_TASK_. Return the material exactly, first line through the line containing "#6819 = EDGE_CURVE", and nothing more. Pictures stay out.
*** Begin section ***
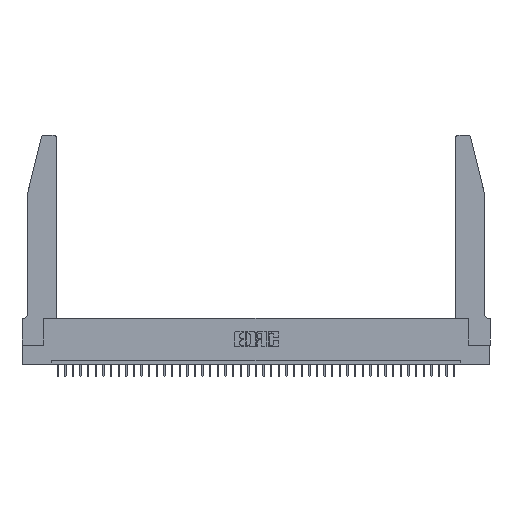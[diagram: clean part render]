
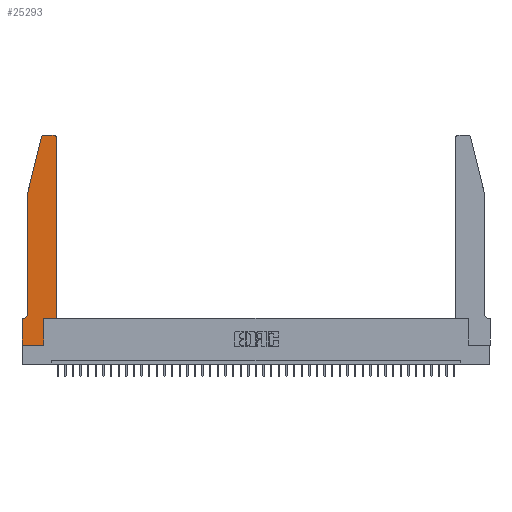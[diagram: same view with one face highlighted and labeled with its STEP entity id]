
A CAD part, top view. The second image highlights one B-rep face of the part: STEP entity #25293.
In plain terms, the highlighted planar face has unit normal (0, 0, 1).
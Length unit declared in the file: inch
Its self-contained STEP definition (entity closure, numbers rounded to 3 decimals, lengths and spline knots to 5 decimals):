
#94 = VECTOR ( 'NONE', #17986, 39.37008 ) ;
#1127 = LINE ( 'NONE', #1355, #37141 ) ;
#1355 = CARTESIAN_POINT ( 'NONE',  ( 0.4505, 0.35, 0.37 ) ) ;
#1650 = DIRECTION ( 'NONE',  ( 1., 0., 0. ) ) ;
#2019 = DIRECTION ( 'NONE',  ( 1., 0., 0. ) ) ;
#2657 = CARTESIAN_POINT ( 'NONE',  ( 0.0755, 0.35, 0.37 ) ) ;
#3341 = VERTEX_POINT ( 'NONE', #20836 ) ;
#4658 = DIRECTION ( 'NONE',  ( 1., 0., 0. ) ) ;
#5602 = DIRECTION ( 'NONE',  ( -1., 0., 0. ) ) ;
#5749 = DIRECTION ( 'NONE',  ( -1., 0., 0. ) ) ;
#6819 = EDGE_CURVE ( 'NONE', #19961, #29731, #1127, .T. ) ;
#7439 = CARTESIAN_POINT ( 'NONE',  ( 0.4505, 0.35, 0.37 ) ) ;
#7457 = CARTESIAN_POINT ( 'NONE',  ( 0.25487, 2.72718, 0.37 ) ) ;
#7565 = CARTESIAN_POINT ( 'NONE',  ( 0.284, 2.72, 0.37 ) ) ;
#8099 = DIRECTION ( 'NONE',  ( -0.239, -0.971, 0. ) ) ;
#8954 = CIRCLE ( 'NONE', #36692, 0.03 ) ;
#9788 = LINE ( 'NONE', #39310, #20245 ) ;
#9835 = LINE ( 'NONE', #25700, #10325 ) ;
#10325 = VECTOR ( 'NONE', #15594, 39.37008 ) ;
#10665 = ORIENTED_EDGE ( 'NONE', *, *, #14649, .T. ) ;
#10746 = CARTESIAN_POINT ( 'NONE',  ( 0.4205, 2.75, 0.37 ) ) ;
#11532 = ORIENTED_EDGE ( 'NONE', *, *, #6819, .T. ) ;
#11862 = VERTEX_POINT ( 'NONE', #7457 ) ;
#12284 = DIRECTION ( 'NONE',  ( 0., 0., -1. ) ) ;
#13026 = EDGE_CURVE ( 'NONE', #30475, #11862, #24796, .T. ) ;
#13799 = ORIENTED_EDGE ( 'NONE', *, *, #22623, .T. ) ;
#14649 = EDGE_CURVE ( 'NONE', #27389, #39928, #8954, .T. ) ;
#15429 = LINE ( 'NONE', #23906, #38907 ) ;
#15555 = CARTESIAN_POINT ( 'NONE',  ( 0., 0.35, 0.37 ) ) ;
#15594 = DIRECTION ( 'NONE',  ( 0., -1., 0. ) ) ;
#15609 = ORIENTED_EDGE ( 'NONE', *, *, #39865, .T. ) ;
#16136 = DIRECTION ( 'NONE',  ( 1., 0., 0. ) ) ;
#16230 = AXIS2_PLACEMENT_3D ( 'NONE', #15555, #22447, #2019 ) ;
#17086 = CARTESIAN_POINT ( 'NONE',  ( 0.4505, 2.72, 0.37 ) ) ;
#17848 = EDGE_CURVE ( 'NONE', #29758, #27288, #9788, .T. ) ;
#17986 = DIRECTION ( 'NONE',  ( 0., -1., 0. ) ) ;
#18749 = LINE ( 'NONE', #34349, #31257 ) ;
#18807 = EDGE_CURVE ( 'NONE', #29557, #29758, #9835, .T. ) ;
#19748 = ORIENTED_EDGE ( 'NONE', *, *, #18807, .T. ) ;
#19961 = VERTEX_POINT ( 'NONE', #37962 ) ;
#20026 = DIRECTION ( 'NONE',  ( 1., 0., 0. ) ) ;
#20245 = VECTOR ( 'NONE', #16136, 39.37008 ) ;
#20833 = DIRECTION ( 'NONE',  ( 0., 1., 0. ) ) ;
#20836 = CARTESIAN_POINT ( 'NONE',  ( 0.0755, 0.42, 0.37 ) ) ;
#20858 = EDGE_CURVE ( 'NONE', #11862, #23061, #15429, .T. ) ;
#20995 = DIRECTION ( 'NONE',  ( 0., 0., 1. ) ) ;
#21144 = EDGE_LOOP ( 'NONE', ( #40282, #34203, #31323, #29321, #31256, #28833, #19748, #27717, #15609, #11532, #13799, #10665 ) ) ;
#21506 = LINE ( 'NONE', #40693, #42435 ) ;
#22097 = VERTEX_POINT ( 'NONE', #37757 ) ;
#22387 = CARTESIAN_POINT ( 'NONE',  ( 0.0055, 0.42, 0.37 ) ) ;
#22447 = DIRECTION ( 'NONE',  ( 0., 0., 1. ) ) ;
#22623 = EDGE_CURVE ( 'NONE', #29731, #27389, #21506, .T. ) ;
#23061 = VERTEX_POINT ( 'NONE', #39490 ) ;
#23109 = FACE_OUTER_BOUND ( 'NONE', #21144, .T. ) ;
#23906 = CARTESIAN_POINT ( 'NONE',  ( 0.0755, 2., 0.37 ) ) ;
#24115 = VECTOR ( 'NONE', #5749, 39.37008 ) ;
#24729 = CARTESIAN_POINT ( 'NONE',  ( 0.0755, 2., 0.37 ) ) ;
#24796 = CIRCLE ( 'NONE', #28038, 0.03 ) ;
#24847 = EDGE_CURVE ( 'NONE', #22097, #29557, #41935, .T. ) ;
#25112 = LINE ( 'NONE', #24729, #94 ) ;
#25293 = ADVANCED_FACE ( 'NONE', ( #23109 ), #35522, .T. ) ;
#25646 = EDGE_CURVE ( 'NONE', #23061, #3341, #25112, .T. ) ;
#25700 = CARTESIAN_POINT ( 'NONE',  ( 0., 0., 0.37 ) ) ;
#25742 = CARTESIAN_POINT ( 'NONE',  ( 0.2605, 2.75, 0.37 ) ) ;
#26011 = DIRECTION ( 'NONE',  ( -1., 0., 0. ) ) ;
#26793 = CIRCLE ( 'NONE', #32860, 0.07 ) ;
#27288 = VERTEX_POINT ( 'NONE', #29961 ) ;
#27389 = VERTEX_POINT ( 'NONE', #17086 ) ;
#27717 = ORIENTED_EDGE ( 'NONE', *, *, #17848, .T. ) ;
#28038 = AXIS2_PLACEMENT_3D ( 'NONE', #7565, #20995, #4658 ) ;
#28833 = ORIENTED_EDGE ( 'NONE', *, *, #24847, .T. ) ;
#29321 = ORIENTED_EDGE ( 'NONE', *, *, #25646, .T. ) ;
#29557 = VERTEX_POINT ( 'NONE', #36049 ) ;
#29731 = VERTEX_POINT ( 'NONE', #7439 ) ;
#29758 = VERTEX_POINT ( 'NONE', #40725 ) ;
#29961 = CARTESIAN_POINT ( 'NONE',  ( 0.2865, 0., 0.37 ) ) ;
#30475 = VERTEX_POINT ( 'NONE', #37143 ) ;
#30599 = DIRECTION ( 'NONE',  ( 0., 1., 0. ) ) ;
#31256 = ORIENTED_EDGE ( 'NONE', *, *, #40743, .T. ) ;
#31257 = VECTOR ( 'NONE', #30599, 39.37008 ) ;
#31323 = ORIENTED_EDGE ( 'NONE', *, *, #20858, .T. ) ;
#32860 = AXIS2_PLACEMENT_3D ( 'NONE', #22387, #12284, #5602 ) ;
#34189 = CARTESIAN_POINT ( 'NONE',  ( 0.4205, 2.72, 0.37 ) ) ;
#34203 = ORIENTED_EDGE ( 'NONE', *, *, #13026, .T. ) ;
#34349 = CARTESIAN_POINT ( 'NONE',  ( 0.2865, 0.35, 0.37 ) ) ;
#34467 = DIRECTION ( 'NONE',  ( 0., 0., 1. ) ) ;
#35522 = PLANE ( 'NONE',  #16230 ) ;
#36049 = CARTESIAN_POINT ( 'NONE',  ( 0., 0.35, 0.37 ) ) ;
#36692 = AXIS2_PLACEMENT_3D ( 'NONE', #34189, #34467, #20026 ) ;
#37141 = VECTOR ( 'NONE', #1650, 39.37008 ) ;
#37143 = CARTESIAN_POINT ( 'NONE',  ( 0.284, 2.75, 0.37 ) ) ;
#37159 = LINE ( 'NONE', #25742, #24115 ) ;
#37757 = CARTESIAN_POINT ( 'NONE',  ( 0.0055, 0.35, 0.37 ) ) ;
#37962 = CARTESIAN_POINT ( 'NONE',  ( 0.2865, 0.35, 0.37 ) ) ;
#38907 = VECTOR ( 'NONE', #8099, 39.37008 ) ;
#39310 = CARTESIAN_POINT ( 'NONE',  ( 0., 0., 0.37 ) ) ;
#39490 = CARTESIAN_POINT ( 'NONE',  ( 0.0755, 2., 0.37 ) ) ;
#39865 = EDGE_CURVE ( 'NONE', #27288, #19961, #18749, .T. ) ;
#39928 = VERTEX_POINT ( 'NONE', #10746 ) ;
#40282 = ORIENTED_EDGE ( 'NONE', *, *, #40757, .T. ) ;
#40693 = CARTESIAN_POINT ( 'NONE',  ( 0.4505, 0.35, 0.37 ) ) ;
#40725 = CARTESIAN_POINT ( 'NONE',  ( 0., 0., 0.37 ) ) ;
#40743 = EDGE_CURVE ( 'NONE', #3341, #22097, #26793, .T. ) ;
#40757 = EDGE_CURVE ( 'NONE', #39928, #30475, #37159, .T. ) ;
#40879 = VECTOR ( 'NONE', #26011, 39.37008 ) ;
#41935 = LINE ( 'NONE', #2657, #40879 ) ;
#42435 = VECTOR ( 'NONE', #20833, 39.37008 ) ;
*** End section ***
_THE COMPLETED TASK_.
[diagram: clean part render]
[diagram: same view with one face highlighted and labeled with its STEP entity id]
A CAD part, top view. The second image highlights one B-rep face of the part: STEP entity #25293.
In plain terms, the highlighted planar face has unit normal (0, 0, 1).
Length unit declared in the file: inch
Its self-contained STEP definition (entity closure, numbers rounded to 3 decimals, lengths and spline knots to 5 decimals):
#94 = VECTOR ( 'NONE', #17986, 39.37008 ) ;
#1127 = LINE ( 'NONE', #1355, #37141 ) ;
#1355 = CARTESIAN_POINT ( 'NONE',  ( 0.4505, 0.35, 0.37 ) ) ;
#1650 = DIRECTION ( 'NONE',  ( 1., 0., 0. ) ) ;
#2019 = DIRECTION ( 'NONE',  ( 1., 0., 0. ) ) ;
#2657 = CARTESIAN_POINT ( 'NONE',  ( 0.0755, 0.35, 0.37 ) ) ;
#3341 = VERTEX_POINT ( 'NONE', #20836 ) ;
#4658 = DIRECTION ( 'NONE',  ( 1., 0., 0. ) ) ;
#5602 = DIRECTION ( 'NONE',  ( -1., 0., 0. ) ) ;
#5749 = DIRECTION ( 'NONE',  ( -1., 0., 0. ) ) ;
#6819 = EDGE_CURVE ( 'NONE', #19961, #29731, #1127, .T. ) ;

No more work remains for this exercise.